▶ **YOUR OBJECTIVE**: Among the entries, which lines carry the string "DualSetpointControlType"? Copy every one.

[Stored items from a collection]
┄┄┄┄┄┄┄┄┄┄┄┄┄┄┄┄┄┄┄┄
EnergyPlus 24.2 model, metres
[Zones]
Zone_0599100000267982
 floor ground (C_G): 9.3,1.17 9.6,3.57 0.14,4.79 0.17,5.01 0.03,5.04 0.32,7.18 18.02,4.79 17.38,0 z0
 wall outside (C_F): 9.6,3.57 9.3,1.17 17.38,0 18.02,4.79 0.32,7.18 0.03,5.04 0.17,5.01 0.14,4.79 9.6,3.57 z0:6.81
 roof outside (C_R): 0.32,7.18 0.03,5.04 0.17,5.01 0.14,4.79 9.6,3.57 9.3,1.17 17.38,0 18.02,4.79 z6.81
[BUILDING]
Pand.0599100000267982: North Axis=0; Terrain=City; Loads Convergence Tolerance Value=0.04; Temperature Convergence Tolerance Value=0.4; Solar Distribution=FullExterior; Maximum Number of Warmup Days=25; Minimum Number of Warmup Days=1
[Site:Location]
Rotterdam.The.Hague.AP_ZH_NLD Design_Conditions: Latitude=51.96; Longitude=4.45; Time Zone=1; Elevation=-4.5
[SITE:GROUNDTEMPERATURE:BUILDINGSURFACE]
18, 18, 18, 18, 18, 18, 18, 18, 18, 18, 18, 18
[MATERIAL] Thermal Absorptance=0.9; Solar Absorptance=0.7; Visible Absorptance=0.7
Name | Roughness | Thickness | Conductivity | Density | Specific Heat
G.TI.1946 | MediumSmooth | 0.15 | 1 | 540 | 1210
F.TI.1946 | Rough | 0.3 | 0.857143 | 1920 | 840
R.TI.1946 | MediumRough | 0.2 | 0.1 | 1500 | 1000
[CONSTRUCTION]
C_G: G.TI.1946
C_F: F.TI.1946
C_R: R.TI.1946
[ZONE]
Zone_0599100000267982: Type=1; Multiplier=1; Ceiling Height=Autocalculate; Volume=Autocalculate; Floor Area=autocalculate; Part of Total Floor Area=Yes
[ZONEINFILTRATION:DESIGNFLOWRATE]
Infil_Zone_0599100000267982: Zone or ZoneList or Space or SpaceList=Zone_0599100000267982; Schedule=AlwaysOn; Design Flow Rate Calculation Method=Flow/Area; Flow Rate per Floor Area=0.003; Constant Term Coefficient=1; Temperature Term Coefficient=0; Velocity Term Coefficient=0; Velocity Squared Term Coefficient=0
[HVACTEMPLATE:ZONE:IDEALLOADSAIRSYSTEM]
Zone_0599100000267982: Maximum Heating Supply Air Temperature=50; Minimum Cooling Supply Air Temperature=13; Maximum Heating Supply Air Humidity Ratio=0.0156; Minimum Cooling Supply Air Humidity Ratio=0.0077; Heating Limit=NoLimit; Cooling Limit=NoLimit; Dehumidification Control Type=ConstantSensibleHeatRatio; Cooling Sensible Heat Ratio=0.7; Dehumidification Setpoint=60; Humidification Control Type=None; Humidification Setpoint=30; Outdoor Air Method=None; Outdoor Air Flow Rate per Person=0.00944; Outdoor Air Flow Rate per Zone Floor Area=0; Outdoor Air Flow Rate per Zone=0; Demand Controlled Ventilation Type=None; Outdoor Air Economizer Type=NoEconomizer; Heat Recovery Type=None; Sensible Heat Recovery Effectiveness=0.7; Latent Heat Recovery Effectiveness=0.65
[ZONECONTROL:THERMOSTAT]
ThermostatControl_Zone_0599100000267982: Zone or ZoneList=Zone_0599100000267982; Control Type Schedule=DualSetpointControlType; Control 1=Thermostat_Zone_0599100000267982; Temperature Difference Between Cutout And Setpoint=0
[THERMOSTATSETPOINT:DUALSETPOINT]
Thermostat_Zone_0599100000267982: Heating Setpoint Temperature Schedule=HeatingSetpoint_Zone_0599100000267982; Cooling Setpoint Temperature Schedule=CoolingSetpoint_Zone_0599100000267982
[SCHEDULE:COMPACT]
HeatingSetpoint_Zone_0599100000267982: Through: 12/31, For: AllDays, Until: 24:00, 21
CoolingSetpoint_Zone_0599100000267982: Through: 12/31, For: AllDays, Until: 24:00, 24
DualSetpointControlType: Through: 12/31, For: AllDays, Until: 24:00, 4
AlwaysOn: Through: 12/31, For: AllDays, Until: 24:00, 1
┄┄┄┄┄┄┄┄┄┄┄┄┄┄┄┄┄┄┄┄
▶ **EXERCISE SOLUTION**:
ThermostatControl_Zone_0599100000267982: Zone or ZoneList=Zone_0599100000267982; Control Type Schedule=DualSetpointControlType; Control 1=Thermostat_Zone_0599100000267982; Temperature Difference Between Cutout And Setpoint=0
DualSetpointControlType: Through: 12/31, For: AllDays, Until: 24:00, 4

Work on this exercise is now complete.